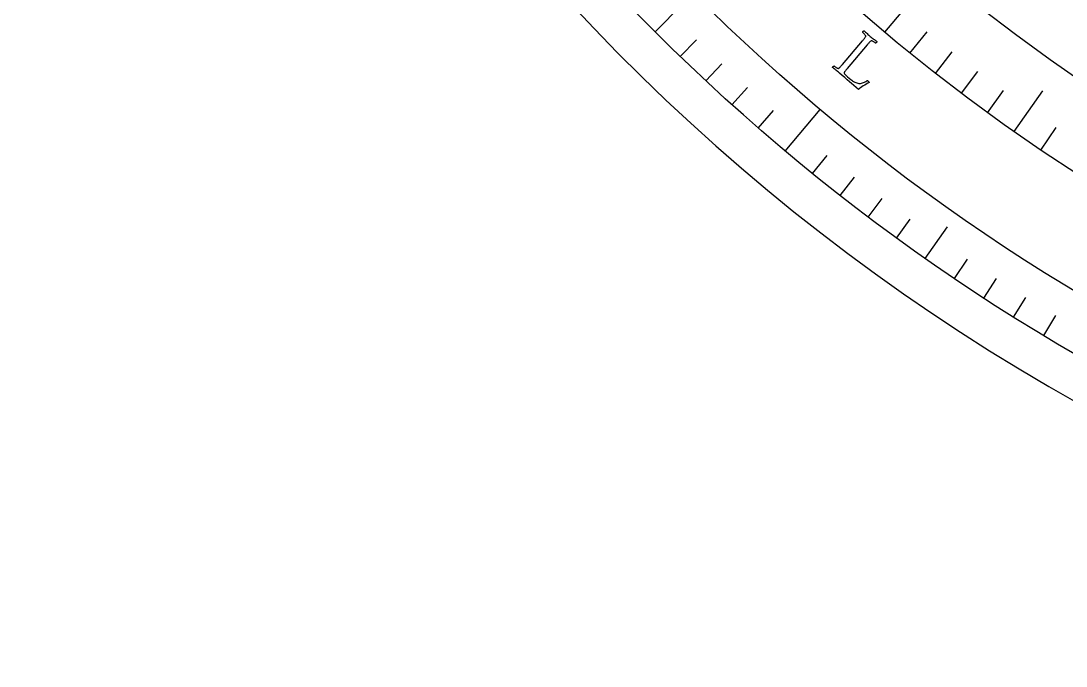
# Model space of a CAD drawing. Header units: millimetres. Extents: x -93 to 93, y -93 to 104.
# Drawn here: x -92.5 to -45.69, y -92.5 to -63.62 of the extents above; entities that cross this region are included whole.
import ezdxf

# ---------------------------------------------------------------- set-up
doc = ezdxf.new("R2010")
doc.units = ezdxf.units.MM
for name, color, linetype in [('CUT_OUTER', 1, 'Continuous'), ('ENGRAVE', 7, 'Continuous'), ('ENGRAVE_FINE', 8, 'Continuous'), ('TEXT', 5, 'Continuous')]:
    doc.layers.add(name, color=color, linetype=linetype)

msp = doc.modelspace()

# ---------------------------------------------------------------- linework, layer by layer
at = {"layer": 'CUT_OUTER'}
msp.add_arc((-0.0002, -0.0002), 92.4998, 179.658282, 0.243527, dxfattribs=at)
at = {"layer": 'ENGRAVE'}
for points in [[(-53.8094, -64.1275), (-51.8472, -61.7891)], [(-64.0992, -64.0992), (-62.8728, -62.8728)], [(-48.0155, -68.5733), (-46.7316, -66.7396)], [(-58.2687, -69.4419), (-56.7079, -67.5819)], [(-51.9947, -74.2561), (-50.9999, -72.8354)]]:
    msp.add_lwpolyline(points, dxfattribs=at)
for radius in [90.65, 90.65, 88.2219, 83.7125, 83.7125, 80.1513, 73.5375, 73.5375, 69.6525]:
    msp.add_circle((0, 0), radius, dxfattribs=at)
at = {"layer": 'ENGRAVE_FINE'}
for points in [[(-52.682, -65.0568), (-51.9136, -64.1079)], [(-62.9708, -65.2082), (-62.2479, -64.4596)], [(-51.5386, -65.9664), (-50.7868, -65.0042)], [(-61.8232, -66.2972), (-61.1134, -65.5361)], [(-50.3794, -66.8558), (-49.6446, -65.8806)], [(-60.6567, -67.3661), (-59.9604, -66.5927)], [(-49.205, -67.7248), (-48.4873, -66.737)], [(-59.4718, -68.4144), (-58.789, -67.6291)], [(-46.8114, -69.4008), (-46.1287, -68.3886)], [(-57.0479, -70.4483), (-56.393, -69.6396)], [(-55.8097, -71.4332), (-55.169, -70.6132)], [(-54.5545, -72.3963), (-53.9283, -71.5652)], [(-53.2827, -73.3374), (-52.6711, -72.4955)], [(-50.6908, -75.1523), (-50.1089, -74.2895)], [(-49.3715, -76.0255), (-48.8048, -75.1527)], [(-48.0372, -76.8756), (-47.4857, -75.9931)], [(-46.6882, -77.7022), (-46.1522, -76.8102)]]:
    msp.add_lwpolyline(points, dxfattribs=at)
at = {"layer": 'TEXT'}
msp.add_lwpolyline([(-55.4912, -65.7512), (-55.4936, -65.7541), (-55.4966, -65.7576), (-55.5001, -65.7617), (-55.5041, -65.7665), (-55.5145, -65.7789), (-55.5265, -65.793), (-55.5399, -65.8089), (-55.5548, -65.8265), (-55.5699, -65.8448), (-55.584, -65.8625), (-55.5972, -65.8797), (-55.6093, -65.8964), (-55.6193, -65.9115), (-55.6259, -65.9239), (-55.6292, -65.9337), (-55.6292, -65.9408), (-55.6224, -65.9603), (-55.6127, -65.9793), (-55.6001, -65.9977), (-55.5845, -66.0156), (-55.5647, -66.0352), (-55.5391, -66.0588), (-55.5077, -66.0863), (-55.4707, -66.1178), (-55.3289, -66.2365), (-55.291, -66.2664), (-55.2496, -66.2956), (-55.2046, -66.3242), (-55.1562, -66.3522), (-55.1071, -66.3768), (-55.0604, -66.3953), (-55.0161, -66.4078), (-54.9741, -66.4142), (-54.936, -66.4148), (-54.8961, -66.4115), (-54.8544, -66.4042), (-54.8108, -66.3931), (-54.7647, -66.377), (-54.7155, -66.3547), (-54.6633, -66.3263), (-54.6079, -66.2919), (-54.5981, -66.2885), (-54.5867, -66.2898), (-54.5737, -66.2957), (-54.559, -66.3061), (-54.5385, -66.3246), (-54.5234, -66.3419), (-54.5138, -66.3579), (-54.5097, -66.3726), (-54.5713, -66.4099), (-54.6351, -66.448), (-54.701, -66.4871), (-54.7691, -66.5271), (-54.8347, -66.567), (-54.8931, -66.6057), (-54.9444, -66.6433), (-54.9885, -66.6798), (-55.0906, -66.5949), (-55.1917, -66.5095), (-55.2918, -66.4235), (-55.391, -66.3371), (-55.493, -66.2479), (-55.6019, -66.1538), (-55.7176, -66.0548), (-55.8401, -65.9507), (-55.8829, -65.9149), (-55.9237, -65.8814), (-55.9628, -65.8504), (-55.9999, -65.8216), (-56.0363, -65.7936), (-56.0728, -65.7645), (-56.1096, -65.7343), (-56.1466, -65.7031), (-56.1459, -65.6933), (-56.142, -65.6829), (-56.1352, -65.6717), (-56.1252, -65.6599), (-56.1141, -65.649), (-56.1039, -65.6408), (-56.0944, -65.6351), (-56.0858, -65.632), (-56.0764, -65.6397), (-56.0633, -65.6496), (-56.0466, -65.6618), (-56.0263, -65.6762), (-56.0041, -65.6912), (-55.9817, -65.7049), (-55.9591, -65.7174), (-55.9363, -65.7287), (-55.9155, -65.7374), (-55.8987, -65.7421), (-55.8859, -65.7429), (-55.8772, -65.7396), (-55.8587, -65.7271), (-55.8394, -65.7114), (-55.8194, -65.6925), (-55.7986, -65.6704), (-55.777, -65.6462), (-55.7549, -65.6209), (-55.732, -65.5946), (-55.7086, -65.5671), (-54.8062, -64.5051), (-54.7828, -64.4774), (-54.7603, -64.4504), (-54.7386, -64.424), (-54.7177, -64.3983), (-54.6988, -64.3737), (-54.683, -64.3505), (-54.6703, -64.3288), (-54.6608, -64.3085), (-54.6581, -64.2985), (-54.6604, -64.2858), (-54.6677, -64.2705), (-54.6801, -64.2526), (-54.6955, -64.2334), (-54.7117, -64.2142), (-54.7287, -64.1951), (-54.7467, -64.1761), (-54.7637, -64.1587), (-54.778, -64.1445), (-54.7895, -64.1334), (-54.7984, -64.1254), (-54.7966, -64.1165), (-54.7924, -64.1063), (-54.7857, -64.095), (-54.7767, -64.0824), (-54.7666, -64.0707), (-54.7567, -64.0621), (-54.747, -64.0566), (-54.7376, -64.0543), (-54.7015, -64.0874), (-54.6658, -64.1205), (-54.6305, -64.1534), (-54.5956, -64.1862), (-54.561, -64.2186), (-54.5262, -64.2502), (-54.4913, -64.2811), (-54.4562, -64.3111), (-54.4199, -64.3414), (-54.3837, -64.3709), (-54.3475, -64.3994), (-54.3113, -64.427), (-54.2749, -64.4546), (-54.2378, -64.4829), (-54.2, -64.5121), (-54.1615, -64.5421), (-54.1623, -64.5518), (-54.1661, -64.5622), (-54.1729, -64.5734), (-54.1828, -64.5853), (-54.1937, -64.5963), (-54.2039, -64.6047), (-54.2132, -64.6105), (-54.2217, -64.6138), (-54.231, -64.6063), (-54.2439, -64.5968), (-54.2603, -64.585), (-54.2803, -64.5711), (-54.3019, -64.5566), (-54.3233, -64.5431), (-54.3444, -64.5306), (-54.3654, -64.5191), (-54.3847, -64.5102), (-54.4011, -64.5054), (-54.4145, -64.5048), (-54.425, -64.5082), (-54.4399, -64.5191), (-54.4557, -64.5326), (-54.4723, -64.5486), (-54.4898, -64.5672), (-54.508, -64.5877), (-54.5268, -64.6092), (-54.5463, -64.6318), (-54.5665, -64.6555), (-54.5697, -64.6594), (-54.573, -64.6632), (-54.5762, -64.667), (-54.5794, -64.6709), (-54.5827, -64.6747), (-54.5859, -64.6785), (-54.5891, -64.6824), (-54.5924, -64.6862)], close=True, dxfattribs=at)

doc.saveas('drawing.dxf')

◇ ◇ ◇ ◇ ◇ ◇ ◇

# [ASSIGNED TASK]
Please return exactly the lines above, from where the listing starts to the line holding "msp = doc.modelspace()", inclusive, with the pictures omitted.

# [WRITTEN SOLUTION]
# Model space of a CAD drawing. Header units: millimetres. Extents: x -93 to 93, y -93 to 104.
# Drawn here: x -92.5 to -45.69, y -92.5 to -63.62 of the extents above; entities that cross this region are included whole.
import ezdxf

# ---------------------------------------------------------------- set-up
doc = ezdxf.new("R2010")
doc.units = ezdxf.units.MM
for name, color, linetype in [('CUT_OUTER', 1, 'Continuous'), ('ENGRAVE', 7, 'Continuous'), ('ENGRAVE_FINE', 8, 'Continuous'), ('TEXT', 5, 'Continuous')]:
    doc.layers.add(name, color=color, linetype=linetype)

msp = doc.modelspace()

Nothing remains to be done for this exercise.